The technique of integration by parts is a strong tool in calculus that is used to integrate products of functions more comfortably. It is derived from the product rule for differentiation. Integration by parts is particularly useful when dealing with integrals that involve a polynomial multiplied by an exponential, logarithmic, or trigonometric function.
The formula is given by:

• \(\int u \, dv = uv - \int v \, du\)

Here's a breakdown of how it works:

• Select \(u\) and \(dv\) from the original integral. Typically, \(u\) is chosen to be a function that becomes simpler when differentiated, like a polynomial.
• Compute \(du\) by differentiating \(u\), and find \(v\) by integrating \(dv\).
• Substitute into the formula to simplify the integral.

In our exercise, \(u\) was chosen as \(x^n\), simplifying to \(nx^{n-1}\) upon differentiation. The choice of \(dv = e^{-x} \) simplifies to \(-e^{-x}\) on integration, leading to the simplification and evaluation of the integral.

Factorials are a basic yet crucial part of mathematics, notably used in permutations, combinations, and series expansion. A factorial of a non-negative integer \(n\), denoted by \(n!\), is defined as the product of all positive integers less than or equal to \(n\).
For instance:

• \(5! = 5 \times 4 \times 3 \times 2 \times 1 = 120\)

Factorials often appear in calculus, especially when working with series and the gamma function. The gamma function itself generalizes the concept of factorial for non-integer values. In our exercise, the factorial helps express a recursive formula for integrals. We deduce that \(I_n = n!\) because each step in the recursion multiplies \(I_{n-1}\) by \(n\), forming a sequence akin to the factorial progression.
Factorials also have a simple base case: \(0!\) is defined to be \(1\).
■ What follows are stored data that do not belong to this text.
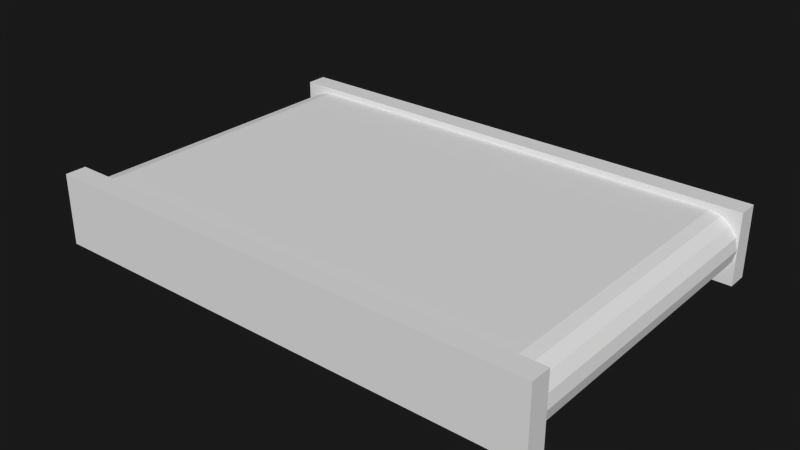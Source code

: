 # Source: ConveyorBeltv2.blend  (saved by Blender 2.75.0; exported with 4.5.12 LTS)
import bpy
from mathutils import Matrix  # noqa: F401  (used for matrix-valued properties, if any)

bpy.ops.wm.read_factory_settings(use_empty=True)
scene = bpy.context.scene
scene.name = 'Scene'

# ---- collections
col_collection_1 = bpy.data.collections.new('Collection 1'); scene.collection.children.link(col_collection_1)

# ---- materials (node trees are filled in below, after node groups)
mat_bump = bpy.data.materials.new('Bump')
mat_bump.alpha_threshold = 0.0
mat_bump.use_transparent_shadow = False
mat_bump.roughness = 0.5
mat_frame_001 = bpy.data.materials.new('Frame.001')
mat_frame_001.alpha_threshold = 0.0
mat_frame_001.use_transparent_shadow = False
mat_frame_001.roughness = 0.5
mat_frame = bpy.data.materials.new('Frame')
mat_frame.alpha_threshold = 0.0
mat_frame.use_transparent_shadow = False
mat_frame.roughness = 0.5

# ---- material node trees

# ---- world
world_world = bpy.data.worlds.new('World'); scene.world = world_world
world_world.use_nodes = True; world_world.node_tree.nodes.clear()
_N = world_world.node_tree.nodes; _L = world_world.node_tree.links
n0 = _N.new('ShaderNodeOutputWorld'); n0.name = 'World Output'; n0.location = (300, 300)
n1 = _N.new('ShaderNodeBackground'); n1.name = 'Background'; n1.location = (10, 300)
n1.inputs[0].default_value = (0.1008, 0.1, 0.1, 1.0)
n1.inputs[1].default_value = 0.1
_L.new(n1.outputs[0], n0.inputs[0])
n0.is_active_output = True
world_world.color = (0.05088, 0.05088, 0.05088)
world_world.use_sun_shadow = False
world_world.sun_shadow_jitter_overblur = 0.0
world_world.cycles.sampling_method = 'MANUAL'
world_world.cycles.sample_map_resolution = 256
world_world.light_settings.ao_factor = 0.3

# ---- meshes
me_cylinder_000 = bpy.data.meshes.new('Cylinder.000')
me_cylinder_000.from_pydata([(-4.537, 4.95, 0.99), (-4.537, -4.95, 0.99), (-4.537, -4.95, -0.99), (-4.537, 4.95, -0.99), (4.538, 4.95, 0.99), (4.538, -4.95, 0.99), (4.538, -4.95, -0.99), (4.538, 4.95, -0.99), (-4.537, -5.65, 0.99), (4.538, -5.65, 0.99), (-4.537, -5.65, -0.99), (4.538, -5.65, -0.99), (-4.537, -4.95, -1.19), (4.538, -4.95, -1.19), (4.538, -5.65, -1.19), (-4.537, -5.65, -1.19), (4.538, -4.95, 1.19), (-4.537, -4.95, 1.19), (-4.537, -5.65, 1.19), (4.538, -5.65, 1.19), (-4.537, 5.65, 0.99), (4.538, 5.65, 0.99), (-4.537, 5.65, -0.99), (4.538, 5.65, -0.99), (-4.537, 4.95, 1.19), (4.538, 4.95, 1.19), (4.538, 5.65, 1.19), (-4.537, 5.65, 1.19), (4.538, 4.95, -1.19), (-4.537, 4.95, -1.19), (-4.537, 5.65, -1.19), (4.538, 5.65, -1.19)], [], [(1, 5, 4, 0), (3, 7, 6, 2), (12, 13, 14, 15), (6, 13, 12, 2), (4, 25, 24, 0), (16, 17, 18, 19), (1, 17, 16, 5), (8, 10, 15, 14, 11, 9, 19, 18), (24, 25, 26, 27), (28, 29, 30, 31), (3, 29, 28, 7), (21, 23, 31, 30, 22, 20, 27, 26)])
me_cylinder_000.polygons.foreach_set('material_index', [0, 0, 1, 1, 1, 1, 1, 1, 1, 1, 1, 1])
_uv = me_cylinder_000.uv_layers.new(name='UVMap')
_uv.uv.foreach_set('vector', [-0.01613, 0.0, 2.73, 0.0, 2.73, 1.0, -0.01613, 1.0, -0.01613, 0.0, 2.73, 0.0, 2.73, 1.0, -0.01613, 1.0, 0.0001358, 0.4829, 0.9999, 0.4829, 0.9999, 0.56, 0.0001362, 0.56, 0.9999, 0.4609, 0.9999, 0.4829, 0.0001358, 0.4829, 0.0001357, 0.4609, 0.9999, 0.0001357, 0.9999, 0.02217, 0.0001358, 0.02217, 0.0001357, 0.0001357, 0.9999, 0.8993, 0.0001362, 0.8993, 0.0001364, 0.8222, 0.9999, 0.8222, 0.0001361, 0.9214, 0.0001362, 0.8993, 0.9999, 0.8993, 0.9999, 0.9214, 0.0001364, 0.8002, 0.0001362, 0.5821, 0.0001362, 0.56, 0.9999, 0.56, 0.9999, 0.5821, 0.9999, 0.8002, 0.9999, 0.8222, 0.0001364, 0.8222, 0.0001358, 0.02217, 0.9999, 0.02217, 0.9999, 0.09928, 0.0001362, 0.0993, 0.9999, 0.4386, 0.0001381, 0.4386, 0.0001375, 0.3615, 0.9999, 0.3615, 0.0001383, 0.4606, 0.0001381, 0.4386, 0.9999, 0.4386, 0.9999, 0.4606, 0.9999, 0.1213, 0.9999, 0.3394, 0.9999, 0.3615, 0.0001375, 0.3615, 0.0001373, 0.3394, 0.0001361, 0.1213, 0.000136, 0.09928, 0.9999, 0.09928])
me_cylinder_000.materials.append(mat_bump)
me_cylinder_000.materials.append(mat_frame_001)
me_cylinder_000.use_remesh_preserve_volume = False
me_cylinder_000.use_remesh_preserve_attributes = False
me_cylinder_000.use_mirror_vertex_groups = False
me_cylinder_000.update()
me_cylinder_003 = bpy.data.meshes.new('Cylinder.003')
me_cylinder_003.from_pydata([(-7.425, 4.95, 0.99), (-7.425, -4.95, 0.99), (-7.804, 4.95, 0.9146), (-7.804, -4.95, 0.9146), (-8.125, 4.95, 0.7), (-8.125, -4.95, 0.7), (-8.34, 4.95, 0.3789), (-8.34, -4.95, 0.3789), (-8.415, 4.95, -1.18e-07), (-8.415, -4.95, 5.901e-08), (-8.34, 4.95, -0.3789), (-8.34, -4.95, -0.3789), (-8.125, 4.95, -0.7), (-8.125, -4.95, -0.7), (-7.804, 4.95, -0.9146), (-7.804, -4.95, -0.9146), (-7.425, 4.95, -0.99), (-7.425, -4.95, -0.99), (-4.537, 4.95, 0.99), (-4.95, 4.95, 0.99), (-5.362, 4.95, 0.99), (-5.775, 4.95, 0.99), (-6.188, 4.95, 0.99), (-6.6, 4.95, 0.99), (-7.012, 4.95, 0.99), (-4.537, -4.95, 0.99), (-4.95, -4.95, 0.99), (-5.362, -4.95, 0.99), (-5.775, -4.95, 0.99), (-6.188, -4.95, 0.99), (-6.6, -4.95, 0.99), (-7.012, -4.95, 0.99), (-4.537, -4.95, -0.99), (-4.95, -4.95, -0.99), (-5.362, -4.95, -0.99), (-5.775, -4.95, -0.99), (-6.188, -4.95, -0.99), (-6.6, -4.95, -0.99), (-7.012, -4.95, -0.99), (-4.537, 4.95, -0.99), (-4.95, 4.95, -0.99), (-5.362, 4.95, -0.99), (-5.775, 4.95, -0.99), (-6.188, 4.95, -0.99), (-6.6, 4.95, -0.99), (-7.012, 4.95, -0.99), (-8.425, 4.95, -1.19), (-8.425, 5.65, -1.19), (-8.425, 5.65, -0.99), (-8.425, 5.65, 0.99), (-8.425, -5.65, -1.19), (-8.425, -4.95, -1.19), (-4.537, 5.65, 0.99), (-4.537, 5.65, -0.99), (-8.425, -4.95, -0.99), (-8.425, -4.95, 0.99), (-8.425, -4.95, 1.19), (-8.425, -5.65, 1.19), (-8.425, -5.65, 0.99), (-8.425, -5.65, -0.99), (-4.537, -5.65, -0.99), (-4.537, -5.65, 0.99), (-8.425, 5.65, 1.19), (-8.425, 4.95, 1.19), (-8.425, 4.95, 0.99), (-8.425, 4.95, -0.99), (-4.95, -5.65, 1.19), (-4.537, -5.65, 1.19), (-4.537, -4.95, 1.19), (-4.95, -4.95, 1.19), (-5.362, -4.95, 1.19), (-5.775, -4.95, 1.19), (-6.188, -4.95, 1.19), (-6.6, -4.95, 1.19), (-7.012, -4.95, 1.19), (-7.425, -4.95, 1.19), (-7.425, -5.65, 1.19), (-7.012, -5.65, 1.19), (-6.6, -5.65, 1.19), (-6.188, -5.65, 1.19), (-5.775, -5.65, 1.19), (-5.362, -5.65, 1.19), (-7.012, -5.65, -1.19), (-7.425, -5.65, -1.19), (-7.425, -4.95, -1.19), (-7.012, -4.95, -1.19), (-6.6, -4.95, -1.19), (-6.188, -4.95, -1.19), (-5.775, -4.95, -1.19), (-5.362, -4.95, -1.19), (-4.95, -4.95, -1.19), (-4.537, -4.95, -1.19), (-4.537, -5.65, -1.19), (-4.95, -5.65, -1.19), (-5.362, -5.65, -1.19), (-5.775, -5.65, -1.19), (-6.188, -5.65, -1.19), (-6.6, -5.65, -1.19), (-4.95, 5.65, -1.19), (-4.537, 5.65, -1.19), (-4.537, 4.95, -1.19), (-4.95, 4.95, -1.19), (-5.362, 4.95, -1.19), (-5.775, 4.95, -1.19), (-6.188, 4.95, -1.19), (-6.6, 4.95, -1.19), (-7.012, 4.95, -1.19), (-7.425, 4.95, -1.19), (-7.425, 5.65, -1.19), (-7.012, 5.65, -1.19), (-6.6, 5.65, -1.19), (-6.188, 5.65, -1.19), (-5.775, 5.65, -1.19), (-5.362, 5.65, -1.19), (-7.012, 5.65, 1.19), (-7.425, 5.65, 1.19), (-7.425, 4.95, 1.19), (-7.012, 4.95, 1.19), (-6.6, 4.95, 1.19), (-6.188, 4.95, 1.19), (-5.775, 4.95, 1.19), (-5.362, 4.95, 1.19), (-4.95, 4.95, 1.19), (-4.537, 4.95, 1.19), (-4.537, 5.65, 1.19), (-4.95, 5.65, 1.19), (-5.362, 5.65, 1.19), (-5.775, 5.65, 1.19), (-6.188, 5.65, 1.19), (-6.6, 5.65, 1.19)], [], [(0, 2, 3, 1), (2, 4, 5, 3), (4, 6, 7, 5), (6, 8, 9, 7), (8, 10, 11, 9), (10, 12, 13, 11), (12, 14, 15, 13), (14, 16, 17, 15), (31, 24, 0, 1), (45, 38, 17, 16), (25, 18, 19, 26), (26, 19, 20, 27), (27, 20, 21, 28), (28, 21, 22, 29), (29, 22, 23, 30), (30, 23, 24, 31), (39, 32, 33, 40), (40, 33, 34, 41), (41, 34, 35, 42), (42, 35, 36, 43), (43, 36, 37, 44), (44, 37, 38, 45), (83, 82, 97, 96, 95, 94, 93, 92, 60, 61, 67, 66, 81, 80, 79, 78, 77, 76, 57, 58, 59, 50), (39, 53, 52, 18), (25, 68, 67, 61), (66, 67, 68, 69, 70, 71, 72, 73, 74, 75, 56, 57, 76, 77, 78, 79, 80, 81), (71, 70, 69, 68, 25, 26, 27, 28, 29, 30, 31, 1, 75, 74, 73, 72), (117, 116, 0, 24, 23, 22, 21, 20, 19, 18, 123, 122, 121, 120, 119, 118), (25, 61, 60, 32), (59, 58, 57, 56, 55, 54, 51, 50), (101, 100, 39, 40, 41, 42, 43, 44, 45, 16, 107, 106, 105, 104, 103, 102), (60, 92, 91, 32), (83, 50, 51, 84, 85, 86, 87, 88, 89, 90, 91, 92, 93, 94, 95, 96, 97, 82), (39, 100, 99, 53), (90, 89, 88, 87, 86, 85, 84, 17, 38, 37, 36, 35, 34, 33, 32, 91), (98, 99, 100, 101, 102, 103, 104, 105, 106, 107, 46, 47, 108, 109, 110, 111, 112, 113), (54, 55, 56, 75, 1, 17, 84, 51), (116, 63, 64, 65, 46, 107, 16, 0), (52, 124, 123, 18), (114, 115, 62, 63, 116, 117, 118, 119, 120, 121, 122, 123, 124, 125, 126, 127, 128, 129), (49, 48, 47, 46, 65, 64, 63, 62), (49, 62, 115, 114, 129, 128, 127, 126, 125, 124, 52, 53, 99, 98, 113, 112, 111, 110, 109, 108, 47, 48)])
me_cylinder_003.polygons.foreach_set('material_index', [0, 0, 0, 0, 0, 0, 0, 0, 0, 0, 0, 0, 0, 0, 0, 0, 0, 0, 0, 0, 0, 0, 1, 0, 0, 1, 1, 1, 0, 1, 1, 0, 1, 0, 1, 1, 1, 1, 0, 1, 1, 1])
_uv = me_cylinder_003.uv_layers.new(name='UVMap')
_uv.uv.foreach_set('vector', [3.144, 1.0, 3.029, 1.0, 3.029, 0.0001906, 3.144, 0.0001905, 3.029, 1.0, 2.913, 1.0, 2.913, 0.0001907, 3.029, 0.0001906, 2.913, 1.0, 2.798, 1.0, 2.798, 0.0001908, 2.913, 0.0001907, 2.798, 1.0, 2.682, 1.0, 2.682, 0.000191, 2.798, 0.0001908, 2.682, 1.0, 2.567, 1.0, 2.567, 0.0001912, 2.682, 0.000191, 2.567, 1.0, 2.451, 1.0, 2.451, 0.0001915, 2.567, 0.0001912, 2.451, 1.0, 2.336, 1.0, 2.336, 0.0001917, 2.451, 0.0001915, 2.336, 1.0, 2.22, 1.0, 2.22, 0.0001921, 2.336, 0.0001917, 3.267, 0.0001904, 3.268, 1.0, 3.144, 1.0, 3.144, 0.0001905, 2.097, 1.0, 2.097, 0.0001925, 2.22, 0.0001921, 2.22, 1.0, 4.007, 0.0001905, 4.007, 1.0, 3.884, 1.0, 3.884, 0.0001904, 3.884, 0.0001904, 3.884, 1.0, 3.761, 1.0, 3.761, 0.0001903, 3.761, 0.0001903, 3.761, 1.0, 3.637, 1.0, 3.637, 0.0001903, 3.637, 0.0001903, 3.637, 1.0, 3.514, 1.0, 3.514, 0.0001904, 3.514, 0.0001904, 3.514, 1.0, 3.391, 1.0, 3.391, 0.0001904, 3.391, 0.0001904, 3.391, 1.0, 3.268, 1.0, 3.267, 0.0001904, 1.357, 1.0, 1.357, 0.0001942, 1.48, 0.0001939, 1.48, 1.0, 1.48, 1.0, 1.48, 0.0001939, 1.604, 0.0001937, 1.604, 1.0, 1.604, 1.0, 1.604, 0.0001937, 1.727, 0.0001934, 1.727, 1.0, 1.727, 1.0, 1.727, 0.0001934, 1.85, 0.0001931, 1.85, 1.0, 1.85, 1.0, 1.85, 0.0001931, 1.974, 0.0001928, 1.974, 1.0, 1.974, 1.0, 1.974, 0.0001928, 2.097, 0.0001925, 2.097, 1.0, 2.097, 0.0001925, 1.974, 0.0001928, 1.85, 0.0001931, 1.727, 0.0001934, 1.604, 0.0001937, 1.48, 0.0001939, 1.357, 0.0001942, 0.0, 0.0, 0.0, 0.0, 3.884, 0.0001904, 3.884, 0.0001904, 3.761, 0.0001903, 3.637, 0.0001903, 3.514, 0.0001904, 3.391, 0.0001904, 3.267, 0.0001904, 3.144, 0.0001905, 0.0, 0.0, 0.0, 0.0, 0.0, 0.0, 2.097, 0.0001925, 2.097, 0.0001925, 0.0, 0.0, 0.0, 0.0, 4.007, 1.0, 4.007, 1.0, 3.884, 0.0001904, 3.884, 0.0001904, 3.884, 0.0001904, 3.884, 0.0001904, 3.761, 0.0001903, 3.884, 0.0001904, 3.884, 0.0001904, 3.761, 0.0001903, 3.637, 0.0001903, 3.514, 0.0001904, 3.391, 0.0001904, 3.267, 0.0001904, 3.144, 0.0001905, 0.0, 0.0, 0.0, 0.0, 0.0, 0.0, 0.0, 0.0, 3.144, 0.0001905, 3.267, 0.0001904, 3.391, 0.0001904, 3.514, 0.0001904, 3.637, 0.0001903, 3.514, 0.0001904, 3.637, 0.0001903, 3.761, 0.0001903, 3.884, 0.0001904, 3.884, 0.0001904, 3.761, 0.0001903, 3.637, 0.0001903, 3.514, 0.0001904, 3.391, 0.0001904, 3.267, 0.0001904, 3.144, 0.0001905, 0.0, 0.0, 0.0, 0.0, 3.144, 0.0001905, 3.267, 0.0001904, 3.391, 0.0001904, 3.268, 1.0, 0.0, 0.0, 0.0, 0.0, 3.268, 1.0, 3.391, 1.0, 3.514, 1.0, 3.637, 1.0, 3.761, 1.0, 3.884, 1.0, 4.007, 1.0, 4.007, 1.0, 3.884, 1.0, 3.761, 1.0, 3.637, 1.0, 3.514, 1.0, 3.391, 1.0, 3.884, 0.0001904, 3.884, 0.0001904, 0.0, 0.0, 0.0, 0.0, 2.097, 0.0001925, 0.0, 0.0, 0.0, 0.0, 0.0, 0.0, 0.0, 0.0, 2.097, 0.0001925, 2.097, 0.0001925, 2.097, 0.0001925, 1.48, 1.0, 0.0, 0.0, 0.0, 0.0, 1.48, 1.0, 1.604, 1.0, 1.727, 1.0, 1.85, 1.0, 1.974, 1.0, 2.097, 1.0, 2.22, 1.0, 2.22, 1.0, 2.097, 1.0, 1.974, 1.0, 1.85, 1.0, 1.727, 1.0, 1.604, 1.0, 0.0, 0.0, 0.0, 0.0, 0.0, 0.0, 0.0, 0.0, 2.097, 0.0001925, 2.097, 0.0001925, 2.097, 0.0001925, 2.097, 0.0001925, 1.974, 0.0001928, 1.85, 0.0001931, 1.727, 0.0001934, 1.604, 0.0001937, 1.48, 0.0001939, 1.357, 0.0001942, 0.0, 0.0, 0.0, 0.0, 1.357, 0.0001942, 1.48, 0.0001939, 1.604, 0.0001937, 1.727, 0.0001934, 1.85, 0.0001931, 1.974, 0.0001928, 0.0, 0.0, 0.0, 0.0, 0.0, 0.0, 0.0, 0.0, 1.357, 0.0001942, 1.48, 0.0001939, 1.604, 0.0001937, 1.727, 0.0001934, 1.85, 0.0001931, 1.974, 0.0001928, 2.097, 0.0001925, 2.097, 0.0001925, 1.974, 0.0001928, 1.85, 0.0001931, 1.727, 0.0001934, 1.604, 0.0001937, 1.48, 0.0001939, 1.357, 0.0001942, 0.0, 0.0, 0.0, 0.0, 1.48, 1.0, 0.0, 0.0, 0.0, 0.0, 1.48, 1.0, 1.604, 1.0, 1.727, 1.0, 1.85, 1.0, 1.974, 1.0, 2.097, 1.0, 2.22, 1.0, 2.22, 1.0, 2.22, 1.0, 2.22, 1.0, 2.097, 1.0, 1.974, 1.0, 1.85, 1.0, 1.727, 1.0, 1.604, 1.0, 2.097, 0.0001925, 0.0, 0.0, 0.0, 0.0, 0.0, 0.0, 0.0, 0.0, 2.097, 0.0001925, 2.097, 0.0001925, 2.097, 0.0001925, 0.0, 0.0, 0.0, 0.0, 0.0, 0.0, 2.22, 1.0, 2.22, 1.0, 2.22, 1.0, 2.22, 1.0, 0.0, 0.0, 4.007, 1.0, 4.007, 1.0, 4.007, 1.0, 4.007, 1.0, 3.268, 1.0, 0.0, 0.0, 0.0, 0.0, 0.0, 0.0, 0.0, 0.0, 3.268, 1.0, 3.391, 1.0, 3.514, 1.0, 3.637, 1.0, 3.761, 1.0, 3.884, 1.0, 4.007, 1.0, 4.007, 1.0, 3.884, 1.0, 3.761, 1.0, 3.637, 1.0, 3.514, 1.0, 3.391, 1.0, 0.0, 0.0, 2.22, 1.0, 2.22, 1.0, 2.22, 1.0, 2.22, 1.0, 0.0, 0.0, 0.0, 0.0, 0.0, 0.0, 0.0, 0.0, 0.0, 0.0, 0.0, 0.0, 3.268, 1.0, 3.391, 1.0, 3.514, 1.0, 3.637, 1.0, 3.761, 1.0, 3.884, 1.0, 4.007, 1.0, 4.007, 1.0, 0.0, 0.0, 0.0, 0.0, 1.48, 1.0, 1.604, 1.0, 1.727, 1.0, 1.85, 1.0, 1.974, 1.0, 2.097, 1.0, 2.22, 1.0, 2.22, 1.0, 2.22, 1.0])
me_cylinder_003.materials.append(mat_bump)
me_cylinder_003.materials.append(mat_frame)
me_cylinder_003.use_remesh_preserve_volume = False
me_cylinder_003.use_remesh_preserve_attributes = False
me_cylinder_003.use_mirror_vertex_groups = False
me_cylinder_003.update()
me_cylinder_001 = bpy.data.meshes.new('Cylinder.001')
me_cylinder_001.from_pydata([(7.425, 4.95, 0.99), (7.425, -4.95, 0.99), (7.804, 4.95, 0.9146), (7.804, -4.95, 0.9146), (8.125, 4.95, 0.7), (8.125, -4.95, 0.7), (8.34, 4.95, 0.3789), (8.34, -4.95, 0.3789), (8.415, 4.95, -1.18e-07), (8.415, -4.95, 5.901e-08), (8.34, 4.95, -0.3789), (8.34, -4.95, -0.3789), (8.125, 4.95, -0.7), (8.125, -4.95, -0.7), (7.804, 4.95, -0.9146), (7.804, -4.95, -0.9146), (7.425, 4.95, -0.99), (7.425, -4.95, -0.99), (7.013, 4.95, 0.99), (6.6, 4.95, 0.99), (6.188, 4.95, 0.99), (5.775, 4.95, 0.99), (5.363, 4.95, 0.99), (4.95, 4.95, 0.99), (4.538, 4.95, 0.99), (7.013, -4.95, 0.99), (6.6, -4.95, 0.99), (6.188, -4.95, 0.99), (5.775, -4.95, 0.99), (5.363, -4.95, 0.99), (4.95, -4.95, 0.99), (4.538, -4.95, 0.99), (7.013, -4.95, -0.99), (6.6, -4.95, -0.99), (6.188, -4.95, -0.99), (5.775, -4.95, -0.99), (5.363, -4.95, -0.99), (4.95, -4.95, -0.99), (4.538, -4.95, -0.99), (7.013, 4.95, -0.99), (6.6, 4.95, -0.99), (6.188, 4.95, -0.99), (5.775, 4.95, -0.99), (5.363, 4.95, -0.99), (4.95, 4.95, -0.99), (4.538, 4.95, -0.99), (8.425, -5.65, 1.19), (8.425, -4.95, 1.19), (4.538, -5.65, 0.99), (4.538, -5.65, -0.99), (8.425, -4.95, -1.19), (8.425, -5.65, -1.19), (8.425, -5.65, -0.99), (8.425, -5.65, 0.99), (8.425, -4.95, -0.99), (8.425, -4.95, 0.99), (4.95, -5.65, -1.19), (4.538, -5.65, -1.19), (4.538, 5.65, -0.99), (4.538, 5.65, 0.99), (7.425, 4.95, 1.19), (7.013, 4.95, 1.19), (6.6, 4.95, 1.19), (6.188, 4.95, 1.19), (5.775, 4.95, 1.19), (5.363, 4.95, 1.19), (4.95, 4.95, 1.19), (4.538, 4.95, 1.19), (7.425, 5.65, 1.19), (7.013, 5.65, 1.19), (4.95, 5.65, 1.19), (4.538, 5.65, 1.19), (5.363, 5.65, 1.19), (5.775, 5.65, 1.19), (6.188, 5.65, 1.19), (6.6, 5.65, 1.19), (7.425, 4.95, -1.19), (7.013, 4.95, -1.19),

This base case is foundational when modeling recurrence relationships within different mathematical contexts.

Improper integrals are used to extend the concept of integration to functions that are unbounded or over an infinite interval. These occur when the limits of integration are infinite or the function approaches infinity within the interval.
Let's consider:

• \(\int_{0}^{\infty} e^{-x} \, dx\)

This integral evaluates a function over an infinite domain, requiring us to take limits. The function \(e^{-x}\) decreases sharply, allowing the integral to converge even though the upper limit is infinity. For convergence:

• Calculate the limit as \(b \rightarrow \infty\): \(\lim_{b \to \infty} [-e^{-x}]_0^b = 1\).

Our exercise involves an improper integral \( I_n = \int_{0}^{\infty} x^n e^{-x} \, dx \). The integration by parts technique applied ensures that even as \(x\) approaches infinity, we achieve finite results. This process is crucial in validating solutions and deriving properties like those relating to the gamma function.